#### WHAT THE TASK REQUIRES:
The answer is one number: how many lines in the data below hold "BuildPart".

[[ SOURCE DATA, beginning ]]

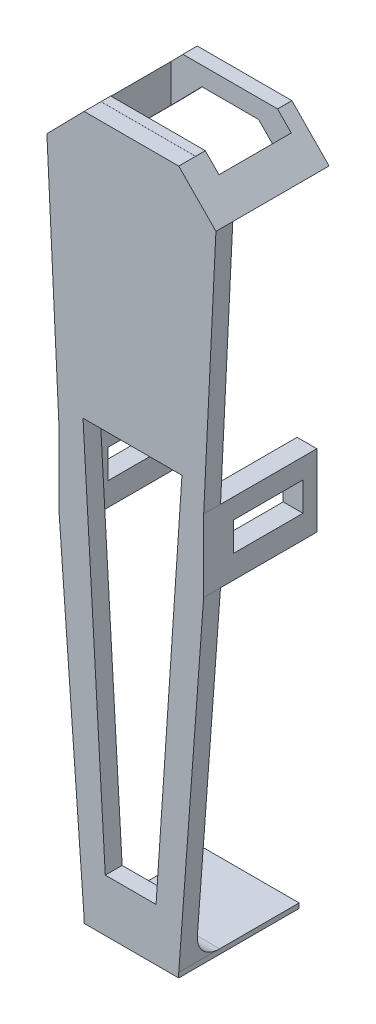
from build123d import *

# Parameters (mm, degrees)
BOSS_EXTRUDE1_DEPTH   = 40
SKETCH1_W             = 8.198494791
SKETCH1_H             = 30
BOSS_EXTRUDE1_2_DEPTH = 40
SKETCH1_W_2           = 7.801505209
BOSS_EXTRUDE1_3_DEPTH = 40
BOSS_EXTRUDE2_DEPTH   = 7
SKETCH3_W             = 39.29
SKETCH3_H             = 50
BOSS_EXTRUDE3_DEPTH   = 2
FILLET1_R             = 10
SKETCH4_W             = 28.841998226
SKETCH4_H             = 12
CUT_EXTRUDE1_DEPTH    = 200
SKETCH5_W             = 50
SKETCH5_H             = 30.008790532
CUT_EXTRUDE2_DEPTH    = 50
CUT_EXTRUDE3_DEPTH    = 30


with BuildPart() as part:
    # Sketch1 → Boss-Extrude1 (new body)
    with BuildSketch(Plane.XY):
        Polygon((-27.787096512, 25.913149565), (-27.787096512, 25.885892475), (-43.235049783, 10.14086318), (-35.355311996, 2.409799691), (-19.880615921, 18.182086076), (3.601216654, 18.182086076), (19.075912729, 2.409799691), (26.955650516, 10.14086318), (11.507697245, 25.885892475), (11.507697245, 25.913149565), align=None)
    extrude(amount=BOSS_EXTRUDE1_DEPTH)



with BuildPart() as body_2:
    # Sketch1 → Boss-Extrude1 2 (new body)
    with BuildSketch(Plane.XY):
        with Locations((17.76105297, -109.086850435)):
            Rectangle(SKETCH1_W, SKETCH1_H)
    extrude(amount=BOSS_EXTRUDE1_2_DEPTH)


with BuildPart() as body_3:
    # Sketch1 → Boss-Extrude1 3 (new body)
    with BuildSketch(Plane.XY):
        with Locations((-34.23894703, -109.086850435)):
            Rectangle(SKETCH1_W_2, SKETCH1_H)
    extrude(amount=BOSS_EXTRUDE1_3_DEPTH)


with BuildPart() as part_1:
    add(part.part)

    add(body_2.part)  # Boss-Extrude2 merges body 2

    add(body_3.part)  # Boss-Extrude2 merges body 3
    # Sketch2 → Boss-Extrude2 (add)
    with BuildSketch(Plane.XY.offset(40)):
        Polygon((-43.235049783, 10.14086318), (-38.139699634, -94.086850435), (-38.139699634, -124.086850435), (-27.787096512, -264.114107525), (11.507697245, -264.114107525), (21.860300366, -124.086850435), (21.860300366, -94.086850435), (26.955650516, 10.14086318), (11.507697245, 25.885892475), (-27.787096512, 25.885892475), align=None)
    extrude(amount=BOSS_EXTRUDE2_DEPTH)

    # Sketch3 → Boss-Extrude3 (add)
    with BuildSketch(Plane.XZ.offset(264.114107525)):
        with Locations((-8.137302755, 22)):
            Rectangle(SKETCH3_W, SKETCH3_H)
    extrude(amount=BOSS_EXTRUDE3_DEPTH)

    # Fillet1
    fillet1_edges = [part_1.edges().sort_by_distance(p)[0] for p in [
        (-8.137302755, -264.114107525, 40),
    ]]
    fillet(fillet1_edges, radius=FILLET1_R)

    # Sketch4 → Cut-Extrude1 (cut)
    with BuildSketch(Plane.ZY.offset(38.139699634)):
        with Locations((20.187288549, -108.429522733)):
            Rectangle(SKETCH4_W, SKETCH4_H)
    extrude(amount=-CUT_EXTRUDE1_DEPTH, mode=Mode.SUBTRACT)

    # Sketch5 → Cut-Extrude2 (cut)
    with BuildSketch(Plane(origin=(0, 25.913149565, 0), x_dir=(1, 0, 0), z_dir=(0, 1, 0))):
        with Locations((-7.813085756, -20.959154247)):
            Rectangle(SKETCH5_W, SKETCH5_H)
    extrude(amount=-CUT_EXTRUDE2_DEPTH, mode=Mode.SUBTRACT)

    # Sketch6 → Cut-Extrude3 (cut)
    with BuildSketch(Plane.XY.offset(47)):
        Polygon((-18.988569428, -244.37242015), (2.088013763, -244.37242015), (12.854125257, -84.649157045), (-28.237577982, -84.649157045), align=None)
    extrude(amount=-CUT_EXTRUDE3_DEPTH, mode=Mode.SUBTRACT)


solid = part_1.part

[[ SOURCE DATA, end ]]

#### OUTPUT OF THE TASK:
4